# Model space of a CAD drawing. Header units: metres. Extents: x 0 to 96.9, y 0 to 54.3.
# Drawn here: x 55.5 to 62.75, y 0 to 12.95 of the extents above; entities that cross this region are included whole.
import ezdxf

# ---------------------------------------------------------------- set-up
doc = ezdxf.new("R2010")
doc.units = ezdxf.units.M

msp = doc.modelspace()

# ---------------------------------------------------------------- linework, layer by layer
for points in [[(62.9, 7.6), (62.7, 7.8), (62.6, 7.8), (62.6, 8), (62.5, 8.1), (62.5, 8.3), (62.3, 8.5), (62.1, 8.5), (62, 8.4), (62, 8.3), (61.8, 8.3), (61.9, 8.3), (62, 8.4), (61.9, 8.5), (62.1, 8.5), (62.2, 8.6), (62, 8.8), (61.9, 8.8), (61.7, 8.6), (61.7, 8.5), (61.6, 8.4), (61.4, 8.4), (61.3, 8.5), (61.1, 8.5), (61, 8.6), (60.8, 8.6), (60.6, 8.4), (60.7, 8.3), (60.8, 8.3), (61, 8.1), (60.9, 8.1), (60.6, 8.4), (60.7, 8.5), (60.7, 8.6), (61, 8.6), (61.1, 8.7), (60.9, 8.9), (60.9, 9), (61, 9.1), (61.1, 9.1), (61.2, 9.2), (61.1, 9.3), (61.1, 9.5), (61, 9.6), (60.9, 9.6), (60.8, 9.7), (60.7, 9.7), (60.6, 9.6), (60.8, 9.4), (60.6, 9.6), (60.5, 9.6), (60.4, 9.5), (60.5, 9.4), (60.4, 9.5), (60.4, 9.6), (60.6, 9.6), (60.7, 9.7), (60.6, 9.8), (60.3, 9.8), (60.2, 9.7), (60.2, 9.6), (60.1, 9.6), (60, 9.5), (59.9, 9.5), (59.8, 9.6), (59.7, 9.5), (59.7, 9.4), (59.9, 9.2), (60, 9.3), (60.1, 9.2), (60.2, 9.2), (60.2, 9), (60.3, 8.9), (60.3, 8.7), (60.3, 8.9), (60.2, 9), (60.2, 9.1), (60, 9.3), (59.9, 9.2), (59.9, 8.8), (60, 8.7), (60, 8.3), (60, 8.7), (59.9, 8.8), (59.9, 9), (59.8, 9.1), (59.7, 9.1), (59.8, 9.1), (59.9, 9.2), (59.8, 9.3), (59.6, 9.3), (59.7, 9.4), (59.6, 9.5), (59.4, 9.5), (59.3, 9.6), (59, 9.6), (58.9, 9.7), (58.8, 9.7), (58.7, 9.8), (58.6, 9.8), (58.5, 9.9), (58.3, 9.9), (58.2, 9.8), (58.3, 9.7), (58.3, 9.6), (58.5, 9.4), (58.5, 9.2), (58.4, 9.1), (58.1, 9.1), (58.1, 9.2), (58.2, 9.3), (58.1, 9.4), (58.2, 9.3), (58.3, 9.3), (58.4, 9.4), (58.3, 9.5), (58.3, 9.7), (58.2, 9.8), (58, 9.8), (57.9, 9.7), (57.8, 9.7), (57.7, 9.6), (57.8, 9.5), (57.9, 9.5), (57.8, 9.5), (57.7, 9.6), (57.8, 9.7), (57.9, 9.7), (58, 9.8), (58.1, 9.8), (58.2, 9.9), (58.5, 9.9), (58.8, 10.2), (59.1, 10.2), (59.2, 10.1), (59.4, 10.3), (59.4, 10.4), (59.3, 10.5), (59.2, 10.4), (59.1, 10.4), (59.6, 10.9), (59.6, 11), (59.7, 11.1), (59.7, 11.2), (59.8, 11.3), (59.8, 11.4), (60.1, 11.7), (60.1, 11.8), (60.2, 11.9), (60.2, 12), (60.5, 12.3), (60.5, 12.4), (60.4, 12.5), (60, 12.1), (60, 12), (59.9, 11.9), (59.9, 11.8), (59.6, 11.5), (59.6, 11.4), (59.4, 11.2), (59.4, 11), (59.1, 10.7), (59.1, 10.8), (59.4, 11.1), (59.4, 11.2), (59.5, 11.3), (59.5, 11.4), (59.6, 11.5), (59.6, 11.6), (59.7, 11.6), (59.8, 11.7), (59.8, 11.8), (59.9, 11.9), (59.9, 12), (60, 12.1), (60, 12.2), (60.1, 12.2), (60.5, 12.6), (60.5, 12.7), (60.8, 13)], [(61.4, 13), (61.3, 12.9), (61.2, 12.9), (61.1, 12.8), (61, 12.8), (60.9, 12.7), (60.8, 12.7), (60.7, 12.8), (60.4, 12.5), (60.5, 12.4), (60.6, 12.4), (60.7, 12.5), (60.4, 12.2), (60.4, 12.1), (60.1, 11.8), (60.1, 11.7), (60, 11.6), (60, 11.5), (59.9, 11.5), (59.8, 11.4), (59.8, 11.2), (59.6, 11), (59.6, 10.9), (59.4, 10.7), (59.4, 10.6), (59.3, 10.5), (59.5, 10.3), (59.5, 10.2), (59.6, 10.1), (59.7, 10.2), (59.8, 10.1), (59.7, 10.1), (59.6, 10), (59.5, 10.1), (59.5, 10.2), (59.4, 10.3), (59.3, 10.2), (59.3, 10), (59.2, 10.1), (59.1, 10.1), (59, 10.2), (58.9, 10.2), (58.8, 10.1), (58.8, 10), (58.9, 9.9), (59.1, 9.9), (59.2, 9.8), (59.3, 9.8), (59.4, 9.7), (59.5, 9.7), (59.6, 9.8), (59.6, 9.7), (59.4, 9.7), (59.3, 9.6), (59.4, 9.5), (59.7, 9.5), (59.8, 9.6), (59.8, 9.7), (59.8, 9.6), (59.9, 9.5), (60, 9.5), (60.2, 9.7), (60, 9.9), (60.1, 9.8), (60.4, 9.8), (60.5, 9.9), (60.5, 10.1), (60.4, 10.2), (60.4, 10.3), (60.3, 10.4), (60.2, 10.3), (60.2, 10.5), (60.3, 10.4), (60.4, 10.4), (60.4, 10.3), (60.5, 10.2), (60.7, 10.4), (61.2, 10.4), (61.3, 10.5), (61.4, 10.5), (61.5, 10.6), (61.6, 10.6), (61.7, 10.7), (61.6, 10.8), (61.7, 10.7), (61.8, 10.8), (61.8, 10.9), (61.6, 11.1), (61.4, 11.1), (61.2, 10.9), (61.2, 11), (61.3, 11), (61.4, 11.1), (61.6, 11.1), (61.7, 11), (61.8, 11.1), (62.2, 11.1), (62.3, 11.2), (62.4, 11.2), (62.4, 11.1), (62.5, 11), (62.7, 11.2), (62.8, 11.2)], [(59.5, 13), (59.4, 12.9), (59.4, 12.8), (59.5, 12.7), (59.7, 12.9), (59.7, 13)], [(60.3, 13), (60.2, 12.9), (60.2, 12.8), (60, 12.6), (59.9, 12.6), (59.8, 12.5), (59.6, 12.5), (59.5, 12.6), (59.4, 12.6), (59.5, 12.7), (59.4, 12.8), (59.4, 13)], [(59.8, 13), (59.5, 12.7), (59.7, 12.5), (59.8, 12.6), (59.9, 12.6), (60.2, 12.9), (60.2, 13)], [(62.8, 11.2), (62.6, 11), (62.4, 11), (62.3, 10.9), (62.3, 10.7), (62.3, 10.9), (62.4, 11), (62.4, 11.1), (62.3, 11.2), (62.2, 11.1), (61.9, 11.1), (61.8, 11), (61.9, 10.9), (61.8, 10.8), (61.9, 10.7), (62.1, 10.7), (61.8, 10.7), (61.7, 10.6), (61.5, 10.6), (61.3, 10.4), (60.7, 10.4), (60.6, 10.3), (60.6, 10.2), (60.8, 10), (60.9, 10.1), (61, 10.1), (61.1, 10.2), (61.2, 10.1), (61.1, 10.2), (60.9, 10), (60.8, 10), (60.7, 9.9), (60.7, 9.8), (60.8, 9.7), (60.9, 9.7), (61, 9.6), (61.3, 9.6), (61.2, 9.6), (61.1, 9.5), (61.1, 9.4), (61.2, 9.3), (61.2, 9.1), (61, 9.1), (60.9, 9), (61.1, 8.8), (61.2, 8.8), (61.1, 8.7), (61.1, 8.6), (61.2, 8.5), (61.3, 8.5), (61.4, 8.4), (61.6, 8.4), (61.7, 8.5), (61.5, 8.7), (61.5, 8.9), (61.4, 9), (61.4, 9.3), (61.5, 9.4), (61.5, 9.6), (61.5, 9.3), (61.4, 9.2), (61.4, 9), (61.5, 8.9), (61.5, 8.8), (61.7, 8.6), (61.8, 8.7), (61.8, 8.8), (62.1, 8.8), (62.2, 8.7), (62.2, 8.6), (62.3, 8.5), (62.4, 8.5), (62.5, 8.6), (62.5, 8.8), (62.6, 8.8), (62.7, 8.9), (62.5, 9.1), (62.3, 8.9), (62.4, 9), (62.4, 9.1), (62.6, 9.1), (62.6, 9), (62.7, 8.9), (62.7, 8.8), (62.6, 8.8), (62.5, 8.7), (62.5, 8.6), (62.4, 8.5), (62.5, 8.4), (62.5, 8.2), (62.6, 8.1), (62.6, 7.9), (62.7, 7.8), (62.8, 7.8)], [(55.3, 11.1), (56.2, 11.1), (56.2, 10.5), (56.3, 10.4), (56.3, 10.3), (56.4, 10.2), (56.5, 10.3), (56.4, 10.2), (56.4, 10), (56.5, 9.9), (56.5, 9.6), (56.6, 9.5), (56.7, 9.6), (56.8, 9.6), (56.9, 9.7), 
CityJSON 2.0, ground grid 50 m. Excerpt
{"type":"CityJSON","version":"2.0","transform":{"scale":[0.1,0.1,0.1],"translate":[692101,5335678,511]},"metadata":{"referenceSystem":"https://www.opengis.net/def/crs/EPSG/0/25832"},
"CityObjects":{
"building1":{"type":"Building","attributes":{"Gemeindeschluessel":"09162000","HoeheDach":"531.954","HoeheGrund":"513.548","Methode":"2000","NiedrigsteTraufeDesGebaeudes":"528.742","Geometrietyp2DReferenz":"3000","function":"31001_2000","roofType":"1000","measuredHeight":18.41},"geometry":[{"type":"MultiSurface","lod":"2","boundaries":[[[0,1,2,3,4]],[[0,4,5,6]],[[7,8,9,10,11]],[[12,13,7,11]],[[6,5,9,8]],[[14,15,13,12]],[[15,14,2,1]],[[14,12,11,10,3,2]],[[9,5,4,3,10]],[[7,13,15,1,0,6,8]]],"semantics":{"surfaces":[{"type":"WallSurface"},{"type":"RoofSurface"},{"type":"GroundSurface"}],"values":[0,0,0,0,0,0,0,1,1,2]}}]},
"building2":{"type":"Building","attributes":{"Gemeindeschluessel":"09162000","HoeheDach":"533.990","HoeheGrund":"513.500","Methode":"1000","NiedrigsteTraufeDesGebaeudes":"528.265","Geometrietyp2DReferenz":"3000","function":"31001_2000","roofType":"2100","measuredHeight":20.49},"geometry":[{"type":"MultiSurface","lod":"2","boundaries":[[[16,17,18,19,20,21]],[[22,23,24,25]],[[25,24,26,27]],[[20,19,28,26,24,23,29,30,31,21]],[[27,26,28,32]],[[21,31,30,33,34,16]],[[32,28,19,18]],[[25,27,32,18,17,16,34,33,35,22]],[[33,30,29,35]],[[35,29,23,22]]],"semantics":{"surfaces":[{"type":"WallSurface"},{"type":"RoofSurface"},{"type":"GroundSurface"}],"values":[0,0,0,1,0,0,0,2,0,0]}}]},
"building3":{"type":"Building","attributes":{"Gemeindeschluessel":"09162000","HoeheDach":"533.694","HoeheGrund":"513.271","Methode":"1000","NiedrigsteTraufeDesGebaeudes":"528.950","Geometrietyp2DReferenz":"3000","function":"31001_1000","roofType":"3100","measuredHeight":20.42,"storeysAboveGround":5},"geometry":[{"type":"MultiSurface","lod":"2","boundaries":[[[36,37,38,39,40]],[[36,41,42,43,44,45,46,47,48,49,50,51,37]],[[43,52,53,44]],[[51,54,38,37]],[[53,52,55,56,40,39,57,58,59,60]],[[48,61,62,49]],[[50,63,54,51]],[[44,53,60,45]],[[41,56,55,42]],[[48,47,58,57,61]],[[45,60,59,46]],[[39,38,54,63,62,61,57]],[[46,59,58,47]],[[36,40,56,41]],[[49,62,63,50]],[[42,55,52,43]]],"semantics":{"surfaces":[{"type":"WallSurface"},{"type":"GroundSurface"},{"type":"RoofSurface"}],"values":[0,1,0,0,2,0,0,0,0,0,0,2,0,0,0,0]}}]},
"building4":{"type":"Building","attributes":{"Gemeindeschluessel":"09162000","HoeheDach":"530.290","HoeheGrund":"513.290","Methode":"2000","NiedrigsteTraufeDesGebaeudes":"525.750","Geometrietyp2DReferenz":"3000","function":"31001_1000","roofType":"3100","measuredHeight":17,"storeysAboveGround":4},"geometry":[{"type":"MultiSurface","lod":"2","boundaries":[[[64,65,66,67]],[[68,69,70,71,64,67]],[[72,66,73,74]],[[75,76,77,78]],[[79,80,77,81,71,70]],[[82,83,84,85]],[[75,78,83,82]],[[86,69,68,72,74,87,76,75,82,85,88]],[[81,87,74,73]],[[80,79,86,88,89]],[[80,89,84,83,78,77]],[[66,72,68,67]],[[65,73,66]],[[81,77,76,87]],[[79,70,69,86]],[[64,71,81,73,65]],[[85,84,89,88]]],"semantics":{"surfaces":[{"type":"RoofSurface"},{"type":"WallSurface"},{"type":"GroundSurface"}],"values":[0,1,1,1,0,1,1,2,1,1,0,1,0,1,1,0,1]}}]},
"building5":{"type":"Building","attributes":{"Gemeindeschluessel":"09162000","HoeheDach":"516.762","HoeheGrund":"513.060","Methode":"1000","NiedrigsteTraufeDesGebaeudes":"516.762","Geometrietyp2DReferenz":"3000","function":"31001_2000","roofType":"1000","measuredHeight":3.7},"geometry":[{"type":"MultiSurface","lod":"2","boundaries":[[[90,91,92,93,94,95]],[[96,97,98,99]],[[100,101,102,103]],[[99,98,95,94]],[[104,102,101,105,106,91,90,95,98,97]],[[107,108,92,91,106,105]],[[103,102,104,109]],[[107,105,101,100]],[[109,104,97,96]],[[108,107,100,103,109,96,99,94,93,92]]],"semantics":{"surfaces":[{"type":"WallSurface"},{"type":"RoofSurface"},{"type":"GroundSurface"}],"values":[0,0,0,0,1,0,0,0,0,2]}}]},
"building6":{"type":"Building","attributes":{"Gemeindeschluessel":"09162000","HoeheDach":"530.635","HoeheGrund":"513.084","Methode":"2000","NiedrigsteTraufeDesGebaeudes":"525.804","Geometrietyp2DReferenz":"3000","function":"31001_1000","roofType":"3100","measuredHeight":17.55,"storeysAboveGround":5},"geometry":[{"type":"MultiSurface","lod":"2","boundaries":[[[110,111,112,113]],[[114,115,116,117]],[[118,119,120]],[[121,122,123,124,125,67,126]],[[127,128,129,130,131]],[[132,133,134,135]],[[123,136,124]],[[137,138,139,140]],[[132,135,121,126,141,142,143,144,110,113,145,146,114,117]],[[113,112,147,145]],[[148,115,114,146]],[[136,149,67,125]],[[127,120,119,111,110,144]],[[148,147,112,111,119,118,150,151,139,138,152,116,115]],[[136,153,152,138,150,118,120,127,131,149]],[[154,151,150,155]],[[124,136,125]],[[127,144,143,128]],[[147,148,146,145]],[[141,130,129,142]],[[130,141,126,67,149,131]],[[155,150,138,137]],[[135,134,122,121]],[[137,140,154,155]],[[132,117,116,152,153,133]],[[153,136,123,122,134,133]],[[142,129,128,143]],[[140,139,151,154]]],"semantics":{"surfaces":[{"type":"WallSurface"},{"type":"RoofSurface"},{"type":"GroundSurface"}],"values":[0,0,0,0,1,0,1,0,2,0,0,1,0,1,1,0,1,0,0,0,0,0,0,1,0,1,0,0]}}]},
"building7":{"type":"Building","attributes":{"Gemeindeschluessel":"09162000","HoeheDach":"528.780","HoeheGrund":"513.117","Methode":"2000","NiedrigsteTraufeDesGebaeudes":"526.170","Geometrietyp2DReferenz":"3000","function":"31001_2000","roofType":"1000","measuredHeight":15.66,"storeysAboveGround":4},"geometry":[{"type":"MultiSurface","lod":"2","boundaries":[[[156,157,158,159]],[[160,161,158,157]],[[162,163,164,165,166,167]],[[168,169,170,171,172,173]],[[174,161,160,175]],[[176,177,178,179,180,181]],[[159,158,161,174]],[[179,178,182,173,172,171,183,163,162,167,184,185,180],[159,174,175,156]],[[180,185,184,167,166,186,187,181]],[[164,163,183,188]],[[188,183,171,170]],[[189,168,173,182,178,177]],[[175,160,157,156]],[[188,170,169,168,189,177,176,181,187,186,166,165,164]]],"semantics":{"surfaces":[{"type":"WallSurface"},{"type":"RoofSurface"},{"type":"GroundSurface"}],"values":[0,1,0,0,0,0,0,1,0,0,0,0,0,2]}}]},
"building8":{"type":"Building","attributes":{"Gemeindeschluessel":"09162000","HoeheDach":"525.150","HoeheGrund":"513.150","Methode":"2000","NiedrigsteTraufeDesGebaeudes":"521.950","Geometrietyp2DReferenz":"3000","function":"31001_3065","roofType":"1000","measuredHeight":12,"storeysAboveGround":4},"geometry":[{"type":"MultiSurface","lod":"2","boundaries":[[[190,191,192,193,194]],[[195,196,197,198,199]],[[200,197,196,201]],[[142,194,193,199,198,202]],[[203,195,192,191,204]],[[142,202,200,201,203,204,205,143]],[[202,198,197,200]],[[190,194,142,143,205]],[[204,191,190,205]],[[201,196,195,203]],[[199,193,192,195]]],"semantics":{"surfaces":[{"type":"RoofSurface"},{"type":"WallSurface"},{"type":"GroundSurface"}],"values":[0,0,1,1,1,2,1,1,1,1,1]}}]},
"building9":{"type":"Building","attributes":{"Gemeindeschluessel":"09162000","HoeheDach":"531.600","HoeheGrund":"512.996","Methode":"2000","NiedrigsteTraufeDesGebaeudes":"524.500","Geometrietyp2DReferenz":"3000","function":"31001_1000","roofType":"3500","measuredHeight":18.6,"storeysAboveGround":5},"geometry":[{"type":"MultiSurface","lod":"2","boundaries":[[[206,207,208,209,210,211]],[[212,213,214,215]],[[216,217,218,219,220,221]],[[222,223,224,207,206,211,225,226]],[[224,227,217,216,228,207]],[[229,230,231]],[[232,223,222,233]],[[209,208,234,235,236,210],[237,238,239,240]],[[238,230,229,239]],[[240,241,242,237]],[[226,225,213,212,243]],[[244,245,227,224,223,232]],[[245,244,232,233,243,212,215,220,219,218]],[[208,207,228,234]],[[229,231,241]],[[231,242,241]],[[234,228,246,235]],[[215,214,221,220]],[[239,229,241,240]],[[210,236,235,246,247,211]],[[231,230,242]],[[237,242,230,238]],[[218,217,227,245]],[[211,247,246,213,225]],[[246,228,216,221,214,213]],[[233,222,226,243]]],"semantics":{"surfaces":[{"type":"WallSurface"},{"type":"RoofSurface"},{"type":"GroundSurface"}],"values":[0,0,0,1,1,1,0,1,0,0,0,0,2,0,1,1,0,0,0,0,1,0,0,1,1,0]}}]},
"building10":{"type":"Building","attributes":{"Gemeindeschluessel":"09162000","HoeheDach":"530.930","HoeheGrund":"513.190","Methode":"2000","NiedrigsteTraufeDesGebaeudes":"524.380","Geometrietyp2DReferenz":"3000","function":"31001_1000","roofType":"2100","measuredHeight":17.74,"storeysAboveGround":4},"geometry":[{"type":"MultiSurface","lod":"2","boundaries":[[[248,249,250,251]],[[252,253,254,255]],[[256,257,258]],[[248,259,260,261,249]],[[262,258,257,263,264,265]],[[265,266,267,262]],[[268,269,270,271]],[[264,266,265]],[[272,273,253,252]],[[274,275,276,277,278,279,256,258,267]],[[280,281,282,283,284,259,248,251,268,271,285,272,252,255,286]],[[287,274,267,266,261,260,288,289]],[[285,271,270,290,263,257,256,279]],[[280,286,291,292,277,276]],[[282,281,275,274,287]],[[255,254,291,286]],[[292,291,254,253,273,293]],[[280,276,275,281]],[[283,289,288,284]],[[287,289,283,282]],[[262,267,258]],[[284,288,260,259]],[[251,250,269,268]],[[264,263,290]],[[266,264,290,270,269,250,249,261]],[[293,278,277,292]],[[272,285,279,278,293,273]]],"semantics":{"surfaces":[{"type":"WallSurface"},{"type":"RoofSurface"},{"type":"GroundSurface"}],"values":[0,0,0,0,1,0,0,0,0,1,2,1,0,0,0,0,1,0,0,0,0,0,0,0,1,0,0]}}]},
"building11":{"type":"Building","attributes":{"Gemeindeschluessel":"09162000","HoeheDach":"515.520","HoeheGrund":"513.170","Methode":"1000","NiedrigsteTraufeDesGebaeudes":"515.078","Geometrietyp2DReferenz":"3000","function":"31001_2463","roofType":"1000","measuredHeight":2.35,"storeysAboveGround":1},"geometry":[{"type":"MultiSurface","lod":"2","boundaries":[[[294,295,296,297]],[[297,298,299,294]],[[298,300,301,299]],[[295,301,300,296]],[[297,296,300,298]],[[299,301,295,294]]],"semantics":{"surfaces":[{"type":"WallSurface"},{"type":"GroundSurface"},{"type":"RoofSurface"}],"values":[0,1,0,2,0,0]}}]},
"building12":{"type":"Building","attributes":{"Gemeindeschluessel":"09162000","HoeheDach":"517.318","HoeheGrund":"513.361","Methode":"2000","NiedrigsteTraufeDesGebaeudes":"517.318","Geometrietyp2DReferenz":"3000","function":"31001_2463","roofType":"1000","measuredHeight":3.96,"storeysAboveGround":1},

========

> **WHAT THE TASK ASKS**: Copy out every line above where "ezdxf" is present.

> **RESPONSE AREA**:
import ezdxf
doc = ezdxf.new("R2010")
doc.units = ezdxf.units.M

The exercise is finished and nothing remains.